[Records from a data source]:
◇ ◇ ◇ ◇ ◇

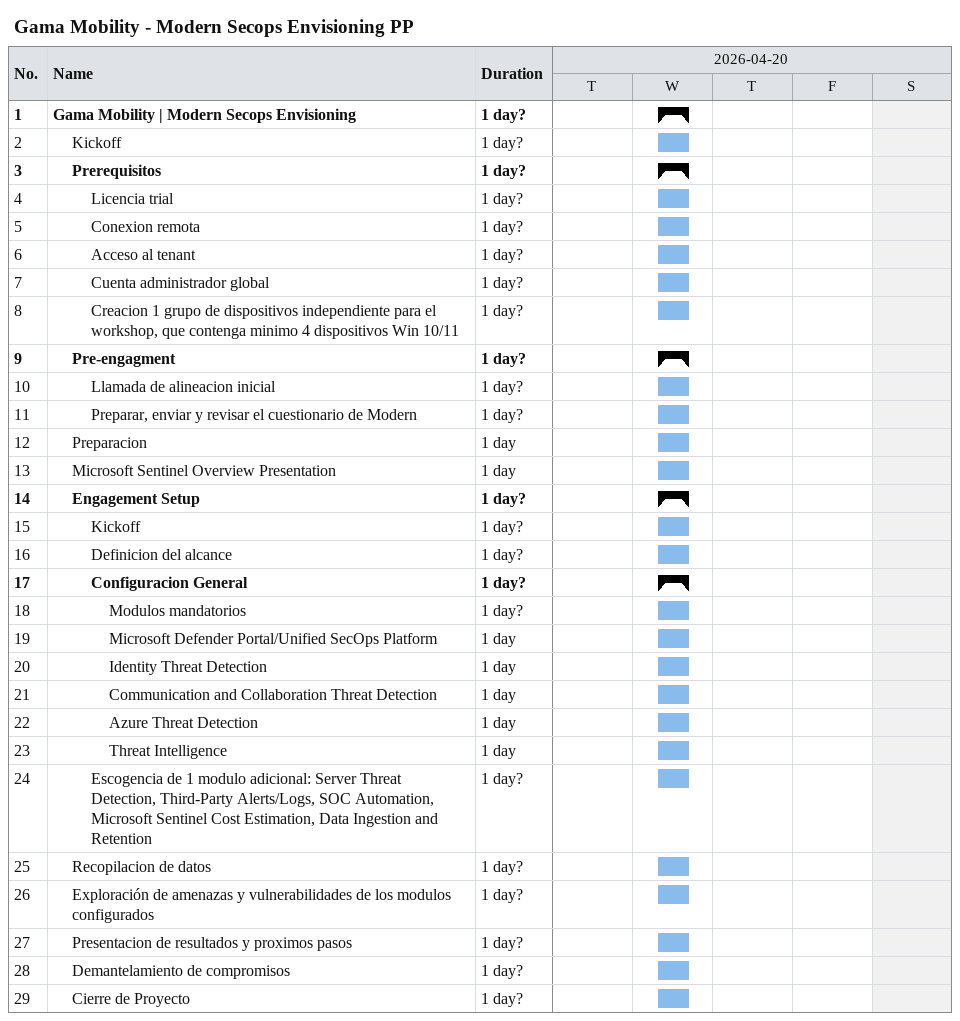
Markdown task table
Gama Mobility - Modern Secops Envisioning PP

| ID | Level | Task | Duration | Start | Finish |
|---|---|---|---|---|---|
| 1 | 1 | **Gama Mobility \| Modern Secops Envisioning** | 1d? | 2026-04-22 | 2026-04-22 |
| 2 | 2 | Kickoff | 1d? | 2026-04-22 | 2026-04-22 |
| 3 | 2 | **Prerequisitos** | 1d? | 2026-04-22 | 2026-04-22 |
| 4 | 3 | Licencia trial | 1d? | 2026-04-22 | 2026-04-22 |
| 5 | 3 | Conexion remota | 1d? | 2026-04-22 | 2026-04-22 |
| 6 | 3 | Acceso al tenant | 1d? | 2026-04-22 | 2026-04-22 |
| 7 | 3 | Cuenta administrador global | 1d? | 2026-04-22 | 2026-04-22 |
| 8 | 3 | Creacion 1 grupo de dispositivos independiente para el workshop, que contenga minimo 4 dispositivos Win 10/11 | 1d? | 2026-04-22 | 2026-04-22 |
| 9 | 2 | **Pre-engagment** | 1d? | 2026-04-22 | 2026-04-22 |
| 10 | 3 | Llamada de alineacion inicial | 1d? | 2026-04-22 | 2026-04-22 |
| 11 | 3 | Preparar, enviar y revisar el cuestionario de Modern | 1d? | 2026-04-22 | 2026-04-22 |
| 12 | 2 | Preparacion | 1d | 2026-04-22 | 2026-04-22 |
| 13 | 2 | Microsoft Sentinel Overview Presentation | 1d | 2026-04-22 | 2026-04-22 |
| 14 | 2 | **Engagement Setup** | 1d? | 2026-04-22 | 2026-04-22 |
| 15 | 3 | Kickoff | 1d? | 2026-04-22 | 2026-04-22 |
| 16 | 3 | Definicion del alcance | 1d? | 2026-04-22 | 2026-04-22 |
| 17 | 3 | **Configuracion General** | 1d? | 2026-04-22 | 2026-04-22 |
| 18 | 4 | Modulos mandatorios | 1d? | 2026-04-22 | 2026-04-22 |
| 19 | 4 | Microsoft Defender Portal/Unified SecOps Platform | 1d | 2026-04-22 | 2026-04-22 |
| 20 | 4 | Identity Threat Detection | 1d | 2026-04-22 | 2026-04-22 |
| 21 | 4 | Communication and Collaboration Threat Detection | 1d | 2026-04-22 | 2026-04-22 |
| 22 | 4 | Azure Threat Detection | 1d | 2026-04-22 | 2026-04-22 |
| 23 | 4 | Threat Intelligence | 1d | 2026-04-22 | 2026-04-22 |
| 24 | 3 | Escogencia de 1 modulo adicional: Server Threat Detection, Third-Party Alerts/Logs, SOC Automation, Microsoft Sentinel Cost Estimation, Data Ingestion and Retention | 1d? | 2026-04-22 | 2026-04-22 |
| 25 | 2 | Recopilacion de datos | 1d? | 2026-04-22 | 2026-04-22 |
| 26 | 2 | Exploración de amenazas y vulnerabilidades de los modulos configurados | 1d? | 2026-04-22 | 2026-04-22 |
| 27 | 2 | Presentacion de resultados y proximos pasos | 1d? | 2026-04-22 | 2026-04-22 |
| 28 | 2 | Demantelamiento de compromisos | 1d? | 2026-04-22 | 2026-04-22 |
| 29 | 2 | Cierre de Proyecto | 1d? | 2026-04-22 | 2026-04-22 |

◇ ◇ ◇ ◇ ◇

[TASK REQUIREMENTS]: Please reproduce the closing stretch of the records, from the line with "Presentation | 1d | 2026-04-22 | 2026-04-22 |" through the last line, exactly as it stands.

[SOLUTION BELOW]:
| 13 | 2 | Microsoft Sentinel Overview Presentation | 1d | 2026-04-22 | 2026-04-22 |
| 14 | 2 | **Engagement Setup** | 1d? | 2026-04-22 | 2026-04-22 |
| 15 | 3 | Kickoff | 1d? | 2026-04-22 | 2026-04-22 |
| 16 | 3 | Definicion del alcance | 1d? | 2026-04-22 | 2026-04-22 |
| 17 | 3 | **Configuracion General** | 1d? | 2026-04-22 | 2026-04-22 |
| 18 | 4 | Modulos mandatorios | 1d? | 2026-04-22 | 2026-04-22 |
| 19 | 4 | Microsoft Defender Portal/Unified SecOps Platform | 1d | 2026-04-22 | 2026-04-22 |
| 20 | 4 | Identity Threat Detection | 1d | 2026-04-22 | 2026-04-22 |
| 21 | 4 | Communication and Collaboration Threat Detection | 1d | 2026-04-22 | 2026-04-22 |
| 22 | 4 | Azure Threat Detection | 1d | 2026-04-22 | 2026-04-22 |
| 23 | 4 | Threat Intelligence | 1d | 2026-04-22 | 2026-04-22 |
| 24 | 3 | Escogencia de 1 modulo adicional: Server Threat Detection, Third-Party Alerts/Logs, SOC Automation, Microsoft Sentinel Cost Estimation, Data Ingestion and Retention | 1d? | 2026-04-22 | 2026-04-22 |
| 25 | 2 | Recopilacion de datos | 1d? | 2026-04-22 | 2026-04-22 |
| 26 | 2 | Exploración de amenazas y vulnerabilidades de los modulos configurados | 1d? | 2026-04-22 | 2026-04-22 |
| 27 | 2 | Presentacion de resultados y proximos pasos | 1d? | 2026-04-22 | 2026-04-22 |
| 28 | 2 | Demantelamiento de compromisos | 1d? | 2026-04-22 | 2026-04-22 |
| 29 | 2 | Cierre de Proyecto | 1d? | 2026-04-22 | 2026-04-22 |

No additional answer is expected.